The commission has never looked at deceptive spam. We get thousands [of complaints] every day, and we put them aside in a box called the refrigerator. We're going to look at what's in the refrigerator and, for the first time, go after the deceptive spammers in a concentrated way.... We are also going to look systematically at whether people are living up to their privacy policies, offline and online. We're going to seed these policies with fictitious consumers' names and addresses and see what happens. If suddenly there are targeted mailings after [assurances were given that the names wouldn't be shared], we'll know if people aren't living up to their privacy policies.
Q: More companies may post privacy policies but there hasn't been much progress when it comes to whether companies offer people a choice about how their personal data is collected and used.
A: Encouraging companies to offer choice is important. The marketplace will have an impact there. But the credit experience tells us that there are some situations where choice can be a problem. If we had choice upfront in the credit area, the miracle of instant credit wouldn't occur.

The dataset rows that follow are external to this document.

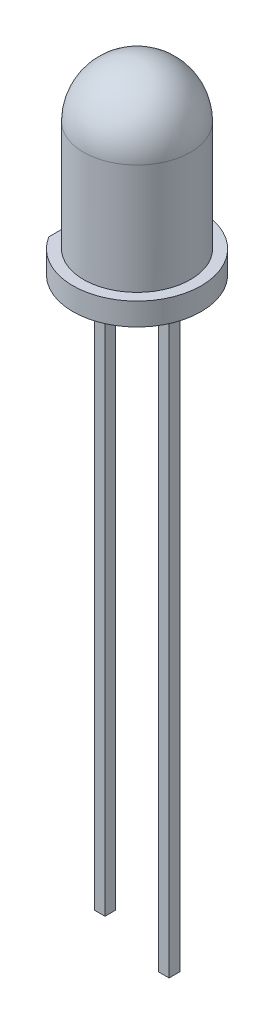
from build123d import *

# Parameters (mm, degrees)
SKETCH2_W           = 3.02065634
SKETCH2_H           = 7.518324789
CUT_EXTRUDE1_DEPTH  = 10
SKETCH3_W           = 0.5
SKETCH3_H           = 0.5
BOSS_EXTRUDE1_DEPTH = 27.5
SKETCH4_W           = 5.267687
SKETCH4_H           = 3.125919431
CUT_EXTRUDE2_DEPTH  = 13.75


with BuildPart() as part:
    # Sketch1 → Revolve1 (revolve)
    with BuildSketch(Plane.XY):
        with BuildLine():
            Line((0, 0), (3, 0))
            Line((3, 0), (3, 1.05))
            Line((3, 1.05), (2.5, 1.05))
            Line((2.5, 1.05), (2.5, 6.21))
            ThreePointArc((2.5, 6.21), (1.767766953, 7.977766953), (0, 8.71))
            Line((0, 8.71), (0, 6.21))
            Line((0, 6.21), (0, 0))
        make_face()
    revolve(axis=Axis((0, 6.21, 0), (0, -1, 0)))

    # Sketch2 → Cut-Extrude1 (cut)
    with BuildSketch(Plane.XZ):
        with Locations((-4.06032817, -1.07166668)):
            Rectangle(SKETCH2_W, SKETCH2_H)
    extrude(amount=-CUT_EXTRUDE1_DEPTH, mode=Mode.SUBTRACT)

    # Sketch3 → Boss-Extrude1 (add)
    with BuildSketch(Plane.XZ):
        with Locations((-1.5, 0)):
            Rectangle(SKETCH3_W, SKETCH3_H)
        with Locations((1.5, 0)):
            Rectangle(SKETCH3_W, SKETCH3_H)
    extrude(amount=BOSS_EXTRUDE1_DEPTH)

    # Sketch4 → Cut-Extrude2 (cut, symmetric)
    with BuildSketch(Plane.XY):
        with Locations((-2.6338435, -28.062959715)):
            Rectangle(SKETCH4_W, SKETCH4_H)
    extrude(amount=CUT_EXTRUDE2_DEPTH, both=True, mode=Mode.SUBTRACT)


solid = part.part
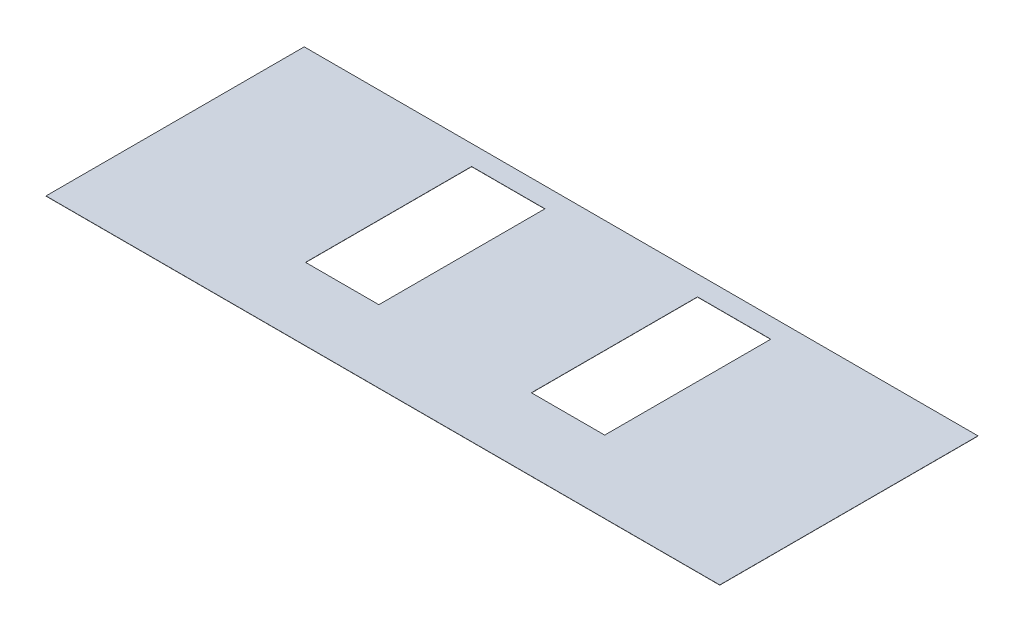
from build123d import *

# Parameters (mm, degrees)
SKETCH1_W               = 5486.4
SKETCH1_H               = 2102.612
BOSS_EXTRUDE1_DEPTH     = 1.5875
SKETCH2_W               = 596.9
SKETCH2_H               = 1352.55
CUT_EXTRUDE1_DEPTH      = 1
CUT_EXTRUDE1_DEPTH_BACK = 2.5875


with BuildPart() as part:
    # Sketch1 → Boss-Extrude1 (new body)
    with BuildSketch(Plane(origin=(0, 0, 0), x_dir=(1, 0, 0), z_dir=(0, 1, 0))):
        Rectangle(SKETCH1_W, SKETCH1_H)
    extrude(amount=BOSS_EXTRUDE1_DEPTH)

    # Sketch2 → Cut-Extrude1 (cut, two sides)
    with BuildSketch(Plane(origin=(0, 1.5875, 0), x_dir=(1, 0, 0), z_dir=(0, 1, 0))) as cut_extrude1_sk:
        with Locations((-919.48, 213.106)):
            Rectangle(SKETCH2_W, SKETCH2_H)
        with Locations((919.48, 213.106)):
            Rectangle(SKETCH2_W, SKETCH2_H)
    extrude(amount=CUT_EXTRUDE1_DEPTH, mode=Mode.SUBTRACT)
    extrude(cut_extrude1_sk.sketch, amount=-CUT_EXTRUDE1_DEPTH_BACK, mode=Mode.SUBTRACT)


solid = part.part

[It] happens every day in car lots all across the U.S. If you're a middle-class family with a good credit rating, you can walk into a car dealership, borrow $10,000 from a complete stranger, and walk out with a new car in an hour. The reason is that you and I don't have control over our credit information: If we pay our bills or don't, that information automatically goes to credit-reporting agencies. In general, choice is a good idea. But we shouldn't legislate it. The idea of one-size-fits-all legislation to me is a dubious proposition.